Alors que des dizaines d'incendies de forêt faisaient rage à travers la France cette semaine lors de la quatrième vague de chaleur brutale de l'été, accompagnée d'une aggravation de la pollution de l'air, certains se demandaient si l'expérience directe des électeurs face à l'urgence climatique allait changer la conversation politique avant l'élection présidentielle de l'année prochaine.
Marine Tondelier, leader des Verts, a écourté une tournée de la France sur avis médical—enceinte de sept mois, on lui a conseillé d'éviter l'air enfumé près d'un immense incendie de forêt en Gironde, dans le sud-ouest. Elle a déclaré que la classe politique continuait de mettre la tête dans le sable. Tondelier a affirmé que le gouvernement avait ignoré son appel à des discussions de crise transpartisanes pour déclarer une urgence climatique nationale cet été. Elle a exhorté à la création d'un nouvel « État-providence climatique » en France pour soutenir les personnes touchées, alors qu'environ 260 000 personnes ont été évacuées en raison des incendies de forêt à travers le pays.
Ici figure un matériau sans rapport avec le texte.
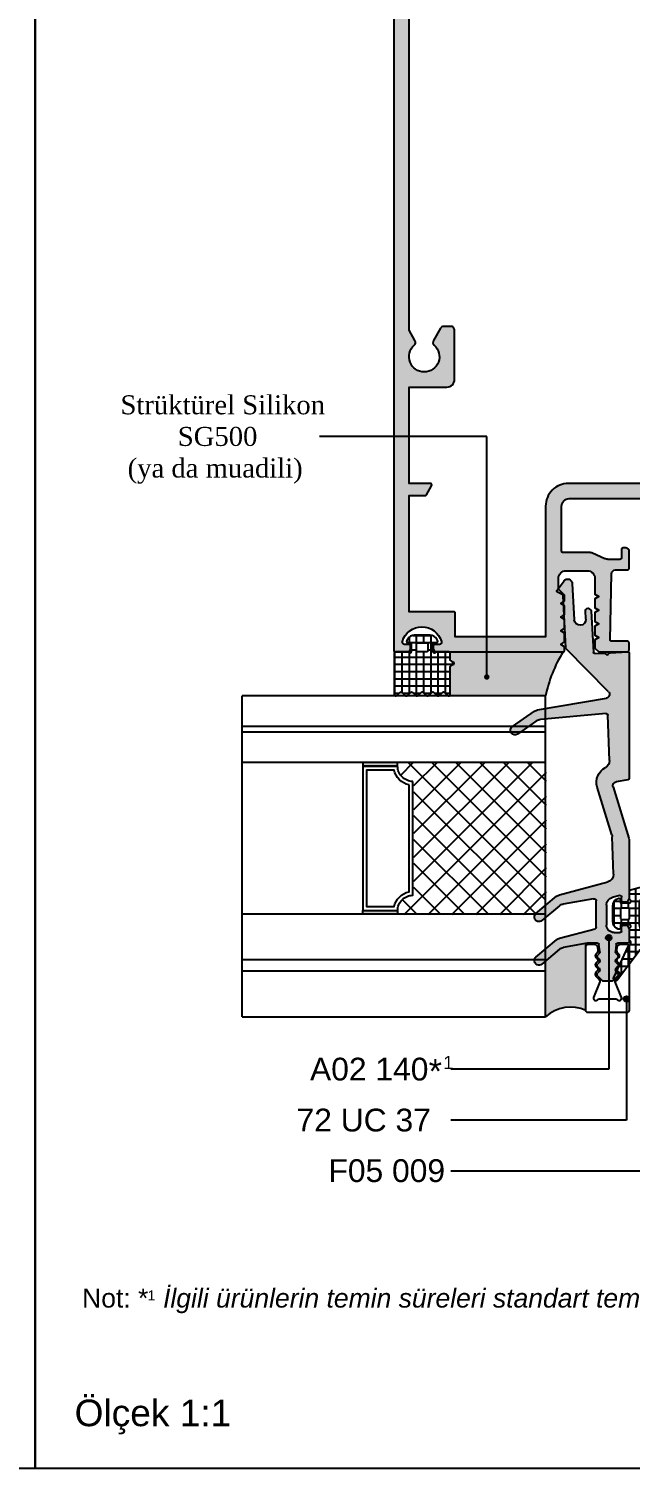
# Model space of a CAD drawing. Header units: millimetres. Extents: x -624 to 1947, y 11274 to 11571.
# Drawn here: x 809.6 to 888.9, y 11274.3 to 11464 of the extents above; entities that cross this region are included whole.
import ezdxf

# ---------------------------------------------------------------- set-up
doc = ezdxf.new("R2010")
doc.units = ezdxf.units.MM
for name, color, linetype in [('AKSESUAR', 7, 'Continuous'), ('Antet', 7, 'Continuous'), ('FITIL', 11, 'Continuous'), ('Layer1', 7, 'Continuous'), ('yazı_numara_k', 11, 'Continuous')]:
    doc.layers.add(name, color=color, linetype=linetype)
doc.styles.get("Standard").update_dxf_attribs({"font": 'arial.ttf'})

# ---------------------------------------------------------------- blocks, each defined once
blk = doc.blocks.new('CAM5V')
at = {"linetype": 'Continuous'}
for points in [[(941.47, -529.89), (941.47, -534.48), (940.97, -534.48), (940.97, -529.89)], [(941.47, -529.89), (941.47, -534.48), (940.97, -534.48), (940.97, -529.89)], [(941.47, -529.89), (941.47, -534.48), (940.97, -534.48), (940.97, -529.89)], [(960.47, -529.89), (960.47, -534.48), (960.97, -534.48), (960.97, -529.89)], [(960.47, -529.89), (960.47, -534.48), (960.97, -534.48), (960.97, -529.89)], [(960.47, -529.89), (960.47, -534.48), (960.97, -534.48), (960.97, -529.89)]]:
    blk.add_hatch(color=4, dxfattribs=at).paths.add_polyline_path(points)
at = {"color": 4}
for p, q in [((927.45, -513.99), (927.45, -553.99)), ((927.45, -513.99), (969.73, -513.99)), ((927.45, -513.99), (927.45, -553.99)), ((927.45, -513.99), (969.73, -513.99)), ((927.45, -513.99), (927.45, -553.99)), ((927.45, -513.99), (969.73, -513.99)), ((933.45, -553.99), (933.45, -513.99)), ((933.45, -553.99), (933.45, -513.99)), ((933.45, -553.99), (933.45, -513.99)), ((934.97, -553.99), (934.97, -513.99)), ((934.97, -553.99), (934.97, -513.99)), ((934.97, -553.99), (934.97, -513.99)), ((940.97, -553.99), (940.97, -513.99)), ((940.97, -553.99), (940.97, -513.99)), ((940.97, -553.99), (940.97, -513.99)), ((960.97, -553.99), (960.97, -513.99)), ((960.97, -553.99), (960.97, -513.99)), ((960.97, -553.99), (960.97, -513.99)), ((964.97, -553.99), (964.97, -513.99)), ((964.97, -553.99), (964.97, -513.99)), ((964.97, -553.99), (964.97, -513.99)), ((965.73, -553.99), (965.73, -513.99)), ((965.73, -553.99), (965.73, -513.99)), ((965.73, -553.99), (965.73, -513.99)), ((969.73, -553.99), (969.73, -513.99)), ((969.73, -553.99), (969.73, -513.99)), ((969.73, -553.99), (969.73, -513.99)), ((927.45, -553.99), (969.73, -553.99)), ((927.45, -553.99), (969.73, -553.99)), ((927.45, -553.99), (969.73, -553.99))]:
    blk.add_line(p, q, dxfattribs=at)
for points in [[(941.47, -529.89), (941.47, -534.48), (940.97, -534.48), (940.97, -529.89)], [(941.47, -529.89), (941.47, -534.48), (940.97, -534.48), (940.97, -529.89)], [(941.47, -529.89), (941.47, -534.48), (940.97, -534.48), (940.97, -529.89)], [(960.47, -529.89), (960.47, -534.49), (960.97, -534.49), (960.97, -529.89)], [(960.47, -529.89), (960.47, -534.48), (960.97, -534.48), (960.97, -529.89)], [(960.47, -529.89), (960.47, -534.49), (960.97, -534.49), (960.97, -529.89)], [(960.47, -529.89), (960.47, -534.48), (960.97, -534.48), (960.97, -529.89)], [(960.47, -529.89), (960.47, -534.49), (960.97, -534.49), (960.97, -529.89)], [(960.47, -529.89), (960.47, -534.48), (960.97, -534.48), (960.97, -529.89)]]:
    blk.add_lwpolyline(points, close=True, dxfattribs=at)
for points in [[(958.47, -536.49, -0.414214), (960.47, -534.49), (960.47, -529.89), (941.47, -529.89), (941.47, -534.49, -0.414214), (943.47, -536.49)], [(958.47, -536.49, -0.414214), (960.47, -534.49), (960.47, -529.89), (941.47, -529.89), (941.47, -534.49, -0.414214), (943.47, -536.49)], [(958.47, -536.49, -0.414214), (960.47, -534.49), (960.47, -529.89), (941.47, -529.89), (941.47, -534.49, -0.414214), (943.47, -536.49)], [(958.02, -535.99, -0.300614), (959.97, -534.04), (959.97, -530.39), (941.97, -530.39), (941.97, -534.04, -0.300614), (943.92, -535.99)], [(958.02, -535.99, -0.300614), (959.97, -534.04), (959.97, -530.39), (941.97, -530.39), (941.97, -534.04, -0.300614), (943.92, -535.99)], [(958.02, -535.99, -0.300614), (959.97, -534.04), (959.97, -530.39), (941.97, -530.39), (941.97, -534.04, -0.300614), (943.92, -535.99)]]:
    blk.add_lwpolyline(points, format="xyb", close=True, dxfattribs=at)
blk = doc.blocks.new('72UC37')
at = {"layer": 'Layer1', "color": 0, "linetype": 'Continuous', "ltscale": 10}
blk.add_lwpolyline([(1705.09, 11318.63), (1706, 11318.63), (1706.34, 11318.33), (1706.39, 11317.75, -0.221695), (1706.3, 11317.51), (1706.13, 11317.34, 0.414214), (1706.13, 11316.91), (1706.3, 11316.74, -0.414214), (1706.3, 11316.32), (1706.13, 11316.14, 0.414214), (1706.13, 11315.72), (1706.3, 11315.54, -0.414214), (1706.3, 11315.12), (1706.13, 11314.94, 0.198912), (1706.04, 11314.73), (1706.04, 11314.67), (1706.04, 11314.62, 0.198912), (1706.13, 11314.41), (1706.55, 11313.99, -0.298826), (1706.62, 11313.67), (1705.81, 11311.64, 0.837166), (1706.32, 11311.33, -0.213422), (1706.54, 11311.43), (1707.64, 11311.43), (1708.75, 11311.43, -0.213422), (1708.97, 11311.33, 0.837166), (1709.47, 11311.64), (1708.67, 11313.67, -0.298826), (1708.74, 11313.99), (1709.15, 11314.41, 0.198912), (1709.24, 11314.62), (1709.24, 11314.67), (1709.24, 11314.73, 0.198912), (1709.15, 11314.94), (1708.98, 11315.12, -0.414214), (1708.98, 11315.54), (1709.15, 11315.72, 0.414214), (1709.15, 11316.14), (1708.98, 11316.32, -0.414214), (1708.98, 11316.74), (1709.15, 11316.91, 0.414214), (1709.15, 11317.34), (1708.98, 11317.51, -0.221695), (1708.89, 11317.75), (1708.94, 11318.33), (1709.28, 11318.63), (1710.19, 11318.63, -0.414214), (1710.49, 11318.33), (1710.49, 11309.93, -0.414214), (1710.19, 11309.63), (1707.64, 11309.63), (1705.09, 11309.63, -0.414214), (1704.79, 11309.93), (1704.79, 11318.33, -0.414214)], format="xyb", close=True, dxfattribs=at)
blk = doc.blocks.new('A02140')
blk.add_hatch(color=1).paths.add_polyline_path([(1229.32, 10846.43), (1229.32, 10862.9, 0.36397), (1229.15, 10863.09), (1227.59, 10863.37, -0.450467), (1227.2, 10864.01), (1229.27, 10870.8, 0.074313), (1229.32, 10871.09), (1229.32, 10878.69, 0.131652), (1229.29, 10878.79), (1229.09, 10879.13, 0.267949), (1228.92, 10879.23), (1228.52, 10879.23, 0.414214), (1228.32, 10879.03), (1228.32, 10878.55, -0.486696), (1228.07, 10878.36), (1227.08, 10878.6, -0.345265), (1226.32, 10879.57), (1226.32, 10882.23, -0.414214), (1227.32, 10883.23), (1228.12, 10883.23, -0.414214), (1228.32, 10883.03), (1228.32, 10882.43, 0.414214), (1228.52, 10882.23), (1228.92, 10882.23, 0.267949), (1229.09, 10882.33), (1229.29, 10882.68, 0.131652), (1229.32, 10882.78), (1229.32, 10884.43, 0.414214), (1229.12, 10884.63), (1227.79, 10884.63, -0.388879), (1227.59, 10884.81), (1227.51, 10885.74, -0.221695), (1227.6, 10885.98), (1227.77, 10886.15, 0.414214), (1227.77, 10886.58), (1227.61, 10886.74, -0.414214), (1227.61, 10887.16), (1227.79, 10887.34, 0.414214), (1227.79, 10887.76), (1227.61, 10887.94, -0.414214), (1227.61, 10888.36), (1227.79, 10888.54, 0.414214), (1227.79, 10888.96), (1227.2, 10889.55, 0.197461), (1226.99, 10889.64), (1225.97, 10889.64, 0.197461), (1225.76, 10889.55), (1225.17, 10888.96, 0.414214), (1225.17, 10888.54), (1225.35, 10888.36, -0.414214), (1225.35, 10887.94), (1225.17, 10887.76, 0.414214), (1225.17, 10887.34), (1225.35, 10887.16, -0.414214), (1225.35, 10886.74), (1225.18, 10886.58, 0.414214), (1225.18, 10886.15), (1225.36, 10885.98, -0.221695), (1225.45, 10885.74), (1225.33, 10884.81, -0.387272), (1225.13, 10884.63), (1223.83, 10884.63, -0.043661), (1223.8, 10884.63), (1220.6, 10885.2, -0.131652), (1220.14, 10885.42), (1217.8, 10887.38, 1), (1217.02, 10886.46), (1219.75, 10884.17, 0.109518), (1220.13, 10883.97), (1224.83, 10882.72, -0.339454), (1224.98, 10882.52), (1224.98, 10879.06, -0.466308), (1224.62, 10878.76), (1220.61, 10879.47, -0.131652), (1220.14, 10879.69), (1217.8, 10881.65, 1), (1217.03, 10880.73), (1219.76, 10878.45, 0.109518), (1220.14, 10878.25), (1226.5, 10876.54, -0.349216), (1227.24, 10875.54), (1227.07, 10870.59, -0.065543), (1227.02, 10870.33), (1225.11, 10864.07, 0.359628), (1226.18, 10861.48, -0.287312), (1226.72, 10860.56), (1226.51, 10854.57, -0.429634), (1226.29, 10854.38), (1217.61, 10855.14, -0.131652), (1217.12, 10855.32), (1214.62, 10857.07, 1), (1213.93, 10856.09), (1216.84, 10854.05, 0.109518), (1217.24, 10853.88), (1226.32, 10852.33, -0.606617), (1226.59, 10851.49), (1221.03, 10845.85, 0.183818), (1220.97, 10845.72), (1220.61, 10838.87, -0.267949), (1220.5, 10838.7), (1219.88, 10838.39, 0.466308), (1219.81, 10838.09), (1220.73, 10836.88, 0.700208), (1221.82, 10837.21), (1222.08, 10842, -1), (1223.62, 10841.92), (1223.56, 10840.81, 0.668179), (1224.06, 10840.57), (1224.25, 10840.74, 0.198912), (1224.32, 10840.88), (1224.6, 10846.27, -0.414214), (1224.81, 10846.46), (1226.03, 10846.4, 0.198912), (1226.17, 10846.45), (1226.43, 10846.68), (1226.65, 10846.42, 0.198912), (1226.79, 10846.36), (1229.11, 10846.23, 0.429634)])
at = {"color": 1}
for p, q in [((1225.17, 10888.96), (1225.76, 10889.55)), ((1226.99, 10889.64), (1225.97, 10889.64)), ((1227.79, 10888.96), (1227.2, 10889.55)), ((1220.14, 10885.42), (1217.8, 10887.38)), ((1225.35, 10888.36), (1225.17, 10888.54)), ((1225.17, 10887.76), (1225.35, 10887.94)), ((1225.35, 10887.16), (1225.17, 10887.34)), ((1227.61, 10888.36), (1227.79, 10888.54)), ((1227.79, 10887.76), (1227.61, 10887.94)), ((1227.61, 10887.16), (1227.79, 10887.34)), ((1217.02, 10886.46), (1219.75, 10884.17)), ((1223.8, 10884.63), (1220.6, 10885.2)), ((1225.18, 10886.58), (1225.35, 10886.74)), ((1225.36, 10885.98), (1225.18, 10886.15)), ((1225.45, 10885.74), (1225.33, 10884.81)), ((1227.59, 10884.81), (1227.51, 10885.74)), ((1227.6, 10885.98), (1227.77, 10886.15)), ((1227.77, 10886.58), (1227.61, 10886.74)), ((1220.13, 10883.97), (1224.83, 10882.72)), ((1225.13, 10884.63), (1223.83, 10884.63)), ((1227.32, 10883.23), (1228.12, 10883.23)), ((1229.12, 10884.63), (1227.79, 10884.63)), ((1229.32, 10882.78), (1229.32, 10884.43)), ((1220.14, 10879.69), (1217.8, 10881.65)), ((1224.98, 10882.52), (1224.98, 10879.06)), ((1226.32, 10879.57), (1226.32, 10882.23)), ((1228.32, 10883.03), (1228.32, 10882.43)), ((1228.52, 10882.23), (1228.92, 10882.23)), ((1229.09, 10882.33), (1229.29, 10882.68)), ((1217.03, 10880.73), (1219.76, 10878.45)), ((1224.62, 10878.76), (1220.61, 10879.47)), ((1220.14, 10878.25), (1226.5, 10876.54)), ((1228.07, 10878.36), (1227.08, 10878.6)), ((1228.32, 10879.03), (1228.32, 10878.55)), ((1228.92, 10879.23), (1228.52, 10879.23)), ((1229.29, 10878.79), (1229.09, 10879.13)), ((1229.32, 10871.09), (1229.32, 10878.69)), ((1227.24, 10875.54), (1227.07, 10870.59)), ((1227.02, 10870.33), (1225.11, 10864.07)), ((1227.2, 10864.01), (1229.27, 10870.8)), ((1229.15, 10863.09), (1227.59, 10863.37)), ((1229.32, 10846.43), (1229.32, 10862.9)), ((1226.72, 10860.56), (1226.51, 10854.57)), ((1217.12, 10855.32), (1214.62, 10857.07)), ((1213.93, 10856.09), (1216.84, 10854.05)), ((1226.29, 10854.38), (1217.61, 10855.14)), ((1217.24, 10853.88), (1226.32, 10852.33)), ((1226.59, 10851.49), (1221.03, 10845.85)), ((1220.97, 10845.72), (1220.61, 10838.87)), ((1224.32, 10840.88), (1224.6, 10846.27)), ((1224.81, 10846.46), (1226.03, 10846.4)), ((1226.17, 10846.45), (1226.43, 10846.68)), ((1226.43, 10846.68), (1226.65, 10846.42)), ((1226.79, 10846.36), (1229.11, 10846.23)), ((1221.82, 10837.21), (1222.08, 10842)), ((1223.62, 10841.92), (1223.56, 10840.81)), ((1224.06, 10840.57), (1224.25, 10840.74)), ((1219.81, 10838.09), (1220.73, 10836.88)), ((1220.5, 10838.7), (1219.88, 10838.39))]:
    blk.add_line(p, q, dxfattribs=at)
for centre, radius, start, end in [((1225.38, 10888.75), 0.3, 135, 225), ((1225.97, 10889.34), 0.3, 90.3201, 135), ((1226.99, 10889.34), 0.3, 45, 89.6799), ((1227.58, 10888.75), 0.3, 315, 45), ((1217.41, 10886.92), 0.6, 50, 230), ((1225.38, 10887.55), 0.3, 135, 225), ((1225.13, 10888.15), 0.3, 315, 45), ((1225.13, 10886.95), 0.3, 315, 45), ((1227.82, 10888.15), 0.3, 135, 225), ((1227.82, 10886.95), 0.3, 135, 225), ((1227.58, 10887.55), 0.3, 315, 45), ((1220.78, 10886.18), 1, 230, 260), ((1225.4, 10886.37), 0.3, 135, 225), ((1225.15, 10885.77), 0.3, 355, 45), ((1227.81, 10885.77), 0.3, 135, 185), ((1227.56, 10886.37), 0.3, 315, 45), ((1220.39, 10884.94), 1, 230, 255), ((1223.83, 10884.83), 0.2, 260, 270), ((1225.13, 10884.83), 0.196, 270, 354.6799), ((1227.32, 10882.23), 1, 90, 180), ((1227.79, 10884.83), 0.2, 185, 270), ((1228.12, 10883.03), 0.2, 0, 90), ((1229.12, 10884.43), 0.2, 0, 90), ((1217.42, 10881.19), 0.6, 50, 230), ((1224.78, 10882.52), 0.2, 0, 75), ((1228.52, 10882.43), 0.2, 180, 270), ((1228.92, 10882.43), 0.2, 270, 330), ((1229.12, 10882.78), 0.2, 330, 0), ((1220.78, 10880.45), 1, 230, 260), ((1227.32, 10879.57), 1, 180, 256.1921), ((1220.4, 10879.21), 1, 230, 255), ((1224.68, 10879.06), 0.3, 260, 0), ((1228.12, 10878.55), 0.2, 256.1921, 0), ((1228.52, 10879.03), 0.2, 90, 180), ((1228.92, 10879.03), 0.2, 30, 90), ((1229.12, 10878.69), 0.2, 0, 30), ((1226.24, 10875.58), 1, 358, 75), ((1226.07, 10870.62), 1, 343, 358), ((1228.32, 10871.09), 1, 343, 0), ((1227.21, 10863.43), 2.2, 163, 242.1201), ((1227.68, 10863.86), 0.5, 163, 260), ((1229.12, 10862.9), 0.2, 0, 80), ((1225.72, 10860.6), 1, 358, 62.1201), ((1214.27, 10856.58), 0.6, 55, 235), ((1217.69, 10856.14), 1, 235, 265), ((1217.42, 10854.87), 1, 235, 260), ((1226.31, 10854.58), 0.2, 265, 358), ((1226.24, 10851.84), 0.5, 315.3371, 80.3039), ((1221.17, 10845.71), 0.2, 135.3371, 177), ((1224.8, 10846.26), 0.2, 87, 177), ((1226.04, 10846.6), 0.2, 267, 312), ((1226.8, 10846.56), 0.2, 222, 267), ((1229.12, 10846.43), 0.2, 267, 0), ((1222.85, 10841.96), 0.773, 357, 177), ((1223.86, 10840.79), 0.3, 177, 312), ((1224.12, 10840.89), 0.2, 312, 357), ((1219.97, 10838.21), 0.2, 117, 217), ((1220.41, 10838.88), 0.2, 297, 357), ((1221.21, 10837.25), 0.611, 217, 357)]:
    blk.add_arc(centre, radius, start, end, dxfattribs=at)
blk = doc.blocks.new('F05009')
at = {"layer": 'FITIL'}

Mais cette semaine, les politiciens français étaient plutôt pris dans des disputes sur les budgets, la planification des crises, et les critiques du financement public des services d'urgence et des équipements de lutte contre les incendies, y compris les avions bombardiers d'eau. Les questions plus profondes et à long terme—comme la réduction des émissions et les changements structurels de société pour lutter contre le réchauffement climatique—ont été largement mises de côté.
Le président Emmanuel Macron a déclaré que ce n'était pas le moment d'analyser les leçons alors que la France était encore en « plein combat » contre les incendies. Macron, dont le mandat de dix ans se termine au printemps prochain, a repris le langage guerrier qu'il avait utilisé pendant la pandémie de Covid-19 en 2020. Alors que l'incendie de forêt en Gironde brûlait une zone quatre fois plus grande que Paris, Macron s'est envolé vers le centre d'opérations de crise à Bordeaux, affirmant que la France faisait face à sa « situation la plus difficile depuis la Seconde Guerre mondiale ». Il a également décrit la situation comme « totalement atypique », suggérant que l'incendie de forêt était hors du commun. Les experts du climat, cependant, ont déclaré que davantage d'incendies de forêt étaient prévisibles à mesure que les températures augmentent.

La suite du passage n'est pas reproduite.